A good start when programming efficiently is to know how much memory different data types and operations require. It is implementation-dependent how much memory the Erlang data types and other items consume, but the following table shows some figures 60 second binary option the erts-8. The unit of measurement is memory words.
There exists both a 32-bit and a 64-bit implementation. A word is therefore 4 bytes or 8 bytes, respectively. An atom refers into an atom table, which also consumes memory. The atom text is stored once for each unique atom in this table. The atom table is not garbage-collected. 8 due to the probabilistic nature of the internal HAMT data structure.
5 words for a process identifier from another node. A process identifier refers into a process table and a node table, which also consumes memory. 5 words for a port identifier from another node. A port identifier refers into a port table and a node table, which also consumes memory. 7 words for a reference from another node. 6 words for a reference from another node. A reference refers into a node table, which also consumes memory.
A fun refers into a fun table, which also consumes memory. 338 words when spawned, including a heap of 233 words. The Erlang language specification puts no limits on the number of processes, length of atoms, and so on. However, for performance and memory saving reasons, there will always be limits in a practical implementation of the Erlang language and execution environment. The maximum number of simultaneously alive Erlang processes is by default 262,144.

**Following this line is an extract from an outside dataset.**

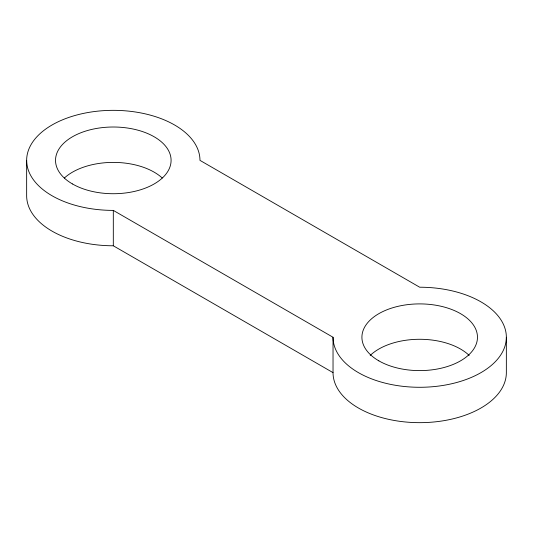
<?xml version="1.0" encoding="UTF-8"?>
<svg xmlns="http://www.w3.org/2000/svg" width="533" height="533" viewBox="0 0 533 533"><rect width="100%" height="100%" fill="white"/><g stroke="black" fill="none" stroke-linecap="round" stroke-linejoin="round"><path stroke-width="0.8" d="M26.65 160.366A86.659 50.029 0 0 0 113.309 210.395L333.032 337.256A86.659 50.029 0 0 0 419.691 387.284A86.659 50.029 0 0 0 506.35 337.256L506.35 372.634A86.659 50.029 0 0 1 419.691 422.662A86.659 50.029 0 0 1 333.032 372.634L113.309 245.78A86.659 50.029 0 0 1 26.65 195.744L26.65 160.366A86.659 50.029 0 0 1 113.309 110.338A86.659 50.029 0 0 1 199.968 160.366L419.691 287.22A86.659 50.029 0 0 1 506.35 337.256M333.032 337.256L333.032 372.634M113.309 210.395L113.309 245.78M64.386 178.009A57.771 33.352 0 0 1 162.232 178.009M370.202 355.424A57.771 33.352 0 0 1 469.18 355.424M72.455 183.952A57.771 33.352 0 0 0 169.114 169.001A57.771 33.352 0 0 0 98.358 128.147A57.771 33.352 0 0 0 72.455 183.952M378.843 360.841A57.771 33.352 0 0 0 475.496 345.89A57.771 33.352 0 0 0 404.74 305.036A57.771 33.352 0 0 0 378.843 360.841"/></g></svg>
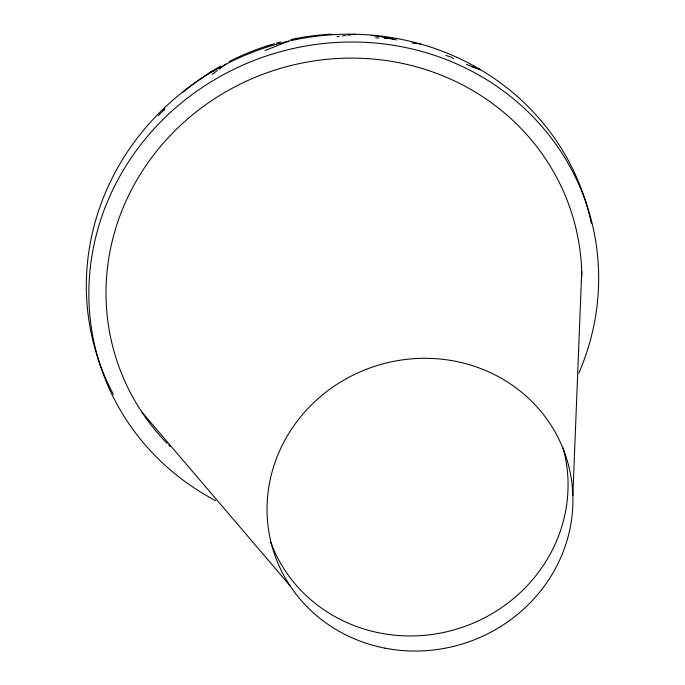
<?xml version="1.0" encoding="UTF-8"?>
<svg xmlns="http://www.w3.org/2000/svg" width="685" height="685" viewBox="0 0 685 685"><rect width="100%" height="100%" fill="white"/><g stroke="black" fill="none" stroke-linecap="round" stroke-linejoin="round"><path stroke-width="1.03" d="M572.857 495.409L581.728 271.371M162.645 111.133L164.357 109.857M212.23 74.34L217.368 70.538M219.072 69.262L225.913 64.193M210.697 72.036L214.645 70.469M264.992 50.527L288.685 41.143M267.304 45.861L272.587 45.159M337.063 36.63L339.178 36.348M342.346 35.928L345.523 35.509M347.637 35.226L355.035 34.25M375.628 37.846L378.788 38.009M384.062 38.283L392.496 38.72L396.529 39.978M328.594 34.387L330.709 34.601M412.002 43.095L420.444 43.977M445.909 55.425L450.944 57.001L453.616 58.687M390.399 38.394L393.404 39.439M471.451 66.531L480.459 69.656L466.476 64.39M141.735 411.882L290.012 585.735M563.027 447.862A153.697 145.588 -17.9 0 1 459.875 628.111A153.697 145.588 -17.9 0 1 270.755 542.306M167.114 443.435A239.091 226.47 -17.9 0 1 257.714 76.292A239.091 226.47 -17.9 0 1 581.83 276.646M170.128 446.492A239.091 226.47 -17.9 0 1 168.621 444.967M215.655 500.649A256.164 242.644 -17.9 0 1 118.06 179.47A256.164 242.644 -17.9 0 1 452.417 62.087A256.164 242.644 -17.9 0 1 578.825 373.154M113.402 394.423A256.164 242.644 -17.9 0 1 258.656 49.971A256.164 242.644 -17.9 0 1 591.343 223.378M158.329 115.774A239.091 226.47 -17.9 0 1 164.845 108.855M182.886 92.167A239.091 226.47 -17.9 0 1 220.656 66.137M229.064 61.624A239.091 226.47 -17.9 0 1 274.351 43.72M276.389 43.138A239.091 226.47 -17.9 0 1 280.482 42.042M290.825 39.576A239.091 226.47 -17.9 0 1 331.78 34.207M371.475 35.5A239.091 226.47 -17.9 0 1 393.498 39.019M385.09 648.173A153.697 145.588 -17.9 0 0 566.401 457.914A153.697 145.588 -17.9 0 0 308.464 407.935A153.697 145.588 -17.9 0 0 385.09 648.173"/></g></svg>

This limit can be configured at startup. Y on X, or if X and Y are connected. All data concerning remote nodes, except for the node name atom, are garbage-collected. By default, the maximum number of atoms is 1,048,576. In the 32-bit implementation of Erlang, 536,870,911 bytes is the largest binary that can be constructed or matched using the bit syntax. In the 64-bit implementation, the maximum size is 2,305,843,009,213,693,951 bytes.